This is a wonderful project of mine. Chess Maps are variation tree posters that help you learn chess openings.

A Chess Map displays all (ok, almost all) named opening variations with their name, a diagram and paths to parent and child variations. 

You can buy them at

Chess Maps
Chess Map variation tree of the Indian defenses. The original pdf is of top printing quality.

Altogether there are 3000+ named variations on 22 Chess Maps

To explore them, start at the bottom end of each map and with every move go upwards one row. Where the path splits into two moves or more, you will find the options arranged like on the chess board: From left to right, e.g., a move to a3 is on the left, then c4, and Nh3 appears on the right end of the fork.

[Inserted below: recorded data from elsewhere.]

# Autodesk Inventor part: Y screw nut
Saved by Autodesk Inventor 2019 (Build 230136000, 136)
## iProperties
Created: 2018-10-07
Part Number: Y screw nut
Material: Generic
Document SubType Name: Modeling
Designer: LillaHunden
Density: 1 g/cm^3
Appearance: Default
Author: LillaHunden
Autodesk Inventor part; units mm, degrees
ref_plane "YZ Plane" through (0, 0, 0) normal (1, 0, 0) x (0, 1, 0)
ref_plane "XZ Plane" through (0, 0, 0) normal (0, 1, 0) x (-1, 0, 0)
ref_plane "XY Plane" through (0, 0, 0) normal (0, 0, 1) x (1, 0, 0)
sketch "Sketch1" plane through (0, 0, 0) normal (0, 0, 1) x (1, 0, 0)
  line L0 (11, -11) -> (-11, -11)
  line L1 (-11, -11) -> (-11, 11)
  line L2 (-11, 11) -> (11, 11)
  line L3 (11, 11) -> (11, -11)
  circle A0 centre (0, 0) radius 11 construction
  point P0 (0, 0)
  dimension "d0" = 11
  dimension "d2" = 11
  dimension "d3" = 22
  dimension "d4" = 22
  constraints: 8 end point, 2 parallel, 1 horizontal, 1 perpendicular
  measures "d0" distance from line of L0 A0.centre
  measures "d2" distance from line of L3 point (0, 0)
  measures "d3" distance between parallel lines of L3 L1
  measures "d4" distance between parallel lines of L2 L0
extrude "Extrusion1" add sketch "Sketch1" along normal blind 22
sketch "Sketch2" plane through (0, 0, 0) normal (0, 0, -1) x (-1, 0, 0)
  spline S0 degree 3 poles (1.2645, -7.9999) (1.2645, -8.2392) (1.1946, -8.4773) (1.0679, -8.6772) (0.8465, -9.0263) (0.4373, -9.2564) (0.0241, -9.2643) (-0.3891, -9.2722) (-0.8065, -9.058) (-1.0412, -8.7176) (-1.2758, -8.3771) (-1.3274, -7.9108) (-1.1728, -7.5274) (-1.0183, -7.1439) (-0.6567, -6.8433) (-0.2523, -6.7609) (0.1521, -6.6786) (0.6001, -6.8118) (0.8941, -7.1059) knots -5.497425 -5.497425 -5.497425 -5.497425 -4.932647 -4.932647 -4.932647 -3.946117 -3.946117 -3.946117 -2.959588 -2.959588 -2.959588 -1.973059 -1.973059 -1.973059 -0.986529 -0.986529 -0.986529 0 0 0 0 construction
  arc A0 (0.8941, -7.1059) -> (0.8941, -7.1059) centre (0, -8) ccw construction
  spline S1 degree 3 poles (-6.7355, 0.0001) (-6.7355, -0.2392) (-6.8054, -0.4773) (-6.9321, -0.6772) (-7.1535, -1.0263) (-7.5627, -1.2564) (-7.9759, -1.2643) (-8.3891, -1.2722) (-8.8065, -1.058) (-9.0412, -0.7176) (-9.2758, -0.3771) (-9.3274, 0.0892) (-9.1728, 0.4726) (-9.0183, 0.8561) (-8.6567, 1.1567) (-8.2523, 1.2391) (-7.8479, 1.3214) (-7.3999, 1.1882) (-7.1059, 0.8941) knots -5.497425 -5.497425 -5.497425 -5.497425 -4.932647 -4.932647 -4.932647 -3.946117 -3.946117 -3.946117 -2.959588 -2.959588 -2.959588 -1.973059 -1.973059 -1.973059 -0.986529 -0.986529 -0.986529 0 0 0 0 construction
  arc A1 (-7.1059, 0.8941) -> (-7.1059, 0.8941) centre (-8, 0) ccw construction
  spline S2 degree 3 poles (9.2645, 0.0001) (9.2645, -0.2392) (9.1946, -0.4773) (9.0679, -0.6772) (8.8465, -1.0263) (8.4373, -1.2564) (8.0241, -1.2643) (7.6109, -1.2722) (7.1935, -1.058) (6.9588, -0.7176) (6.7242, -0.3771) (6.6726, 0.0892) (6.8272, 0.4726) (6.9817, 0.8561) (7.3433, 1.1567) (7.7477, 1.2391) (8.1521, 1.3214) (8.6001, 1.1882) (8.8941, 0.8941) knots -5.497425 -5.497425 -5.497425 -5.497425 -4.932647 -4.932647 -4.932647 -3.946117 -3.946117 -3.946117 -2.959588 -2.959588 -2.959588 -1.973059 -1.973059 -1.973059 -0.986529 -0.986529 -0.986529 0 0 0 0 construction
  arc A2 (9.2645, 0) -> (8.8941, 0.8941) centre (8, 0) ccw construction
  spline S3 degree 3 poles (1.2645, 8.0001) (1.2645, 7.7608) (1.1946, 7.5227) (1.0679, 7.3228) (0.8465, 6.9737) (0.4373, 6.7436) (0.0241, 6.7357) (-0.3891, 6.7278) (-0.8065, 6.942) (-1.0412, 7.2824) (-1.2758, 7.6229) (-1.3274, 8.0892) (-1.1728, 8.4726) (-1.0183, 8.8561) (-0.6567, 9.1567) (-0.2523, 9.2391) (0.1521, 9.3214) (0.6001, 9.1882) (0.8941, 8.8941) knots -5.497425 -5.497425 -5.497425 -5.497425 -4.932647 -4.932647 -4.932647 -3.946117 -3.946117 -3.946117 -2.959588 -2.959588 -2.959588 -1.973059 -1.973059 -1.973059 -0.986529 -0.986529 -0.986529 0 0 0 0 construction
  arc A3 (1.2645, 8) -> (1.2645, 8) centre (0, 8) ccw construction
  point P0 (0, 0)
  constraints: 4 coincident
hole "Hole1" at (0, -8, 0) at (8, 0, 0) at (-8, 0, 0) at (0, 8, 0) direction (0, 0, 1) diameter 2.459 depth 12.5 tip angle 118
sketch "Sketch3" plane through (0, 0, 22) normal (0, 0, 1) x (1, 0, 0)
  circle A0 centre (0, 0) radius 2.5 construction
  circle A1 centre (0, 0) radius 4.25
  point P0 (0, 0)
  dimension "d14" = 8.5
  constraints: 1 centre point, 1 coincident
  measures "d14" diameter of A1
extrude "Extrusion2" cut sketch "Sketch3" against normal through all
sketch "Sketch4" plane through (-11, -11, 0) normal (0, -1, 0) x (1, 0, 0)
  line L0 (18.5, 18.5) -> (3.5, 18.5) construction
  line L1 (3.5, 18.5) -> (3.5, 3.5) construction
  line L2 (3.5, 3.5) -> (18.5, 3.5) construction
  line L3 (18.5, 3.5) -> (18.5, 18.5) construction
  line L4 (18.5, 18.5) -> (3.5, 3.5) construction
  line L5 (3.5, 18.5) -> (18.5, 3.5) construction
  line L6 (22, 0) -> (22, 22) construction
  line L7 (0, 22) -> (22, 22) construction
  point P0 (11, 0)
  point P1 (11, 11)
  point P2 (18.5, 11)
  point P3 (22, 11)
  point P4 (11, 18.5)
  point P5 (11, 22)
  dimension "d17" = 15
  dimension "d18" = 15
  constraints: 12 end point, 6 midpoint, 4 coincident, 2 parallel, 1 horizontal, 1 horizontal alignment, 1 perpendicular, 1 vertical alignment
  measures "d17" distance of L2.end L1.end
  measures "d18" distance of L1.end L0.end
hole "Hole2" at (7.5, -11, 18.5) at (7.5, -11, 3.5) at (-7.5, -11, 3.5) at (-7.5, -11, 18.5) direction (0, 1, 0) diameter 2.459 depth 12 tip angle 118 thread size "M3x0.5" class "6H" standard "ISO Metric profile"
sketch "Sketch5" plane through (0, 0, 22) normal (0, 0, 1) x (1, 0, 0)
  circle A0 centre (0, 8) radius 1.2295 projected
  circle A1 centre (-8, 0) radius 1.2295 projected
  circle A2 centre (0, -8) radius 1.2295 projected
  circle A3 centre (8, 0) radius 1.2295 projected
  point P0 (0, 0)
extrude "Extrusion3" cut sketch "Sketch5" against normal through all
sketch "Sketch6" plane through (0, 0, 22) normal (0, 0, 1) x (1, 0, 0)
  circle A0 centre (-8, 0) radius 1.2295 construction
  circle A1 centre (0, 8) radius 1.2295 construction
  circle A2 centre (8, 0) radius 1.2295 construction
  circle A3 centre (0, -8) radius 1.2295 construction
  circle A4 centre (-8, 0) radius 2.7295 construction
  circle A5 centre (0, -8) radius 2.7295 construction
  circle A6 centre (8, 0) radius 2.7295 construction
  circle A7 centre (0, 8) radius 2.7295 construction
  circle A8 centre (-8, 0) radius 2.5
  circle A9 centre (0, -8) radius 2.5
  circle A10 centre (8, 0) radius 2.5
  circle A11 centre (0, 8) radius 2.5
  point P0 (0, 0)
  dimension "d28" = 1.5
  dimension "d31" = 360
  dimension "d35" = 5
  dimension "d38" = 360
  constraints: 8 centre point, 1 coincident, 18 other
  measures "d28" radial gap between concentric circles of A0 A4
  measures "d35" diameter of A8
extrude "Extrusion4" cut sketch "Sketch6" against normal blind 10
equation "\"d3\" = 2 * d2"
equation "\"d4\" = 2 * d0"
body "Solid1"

Those long paths reaching the top edges have their extensions displayed in a separate window, in the manner of outlying islands on a map. Arrow numbers above some diagrams point to pages with separate opening systems (missing the Nimzo-Indian and the King’s Indian here? they need separate pages).

Chess Maps
French defence Chess Map.

Chess Maps are meant to be a learning resource for chess opening terminology. When you follow a path from diagram to diagram with your finger you attach a physical experience to the learning process. This helps your brain remembering the variation names, their geographical position in the tree and thus the way to get there.

To limit complexity, every variation appears only once and in the context of its normal opening system. Alternative move orders and transpositions are not reflected. Also not reflected are second or third names of some variations. I just went with the one that appeared to have a majority of hits in online chess databases.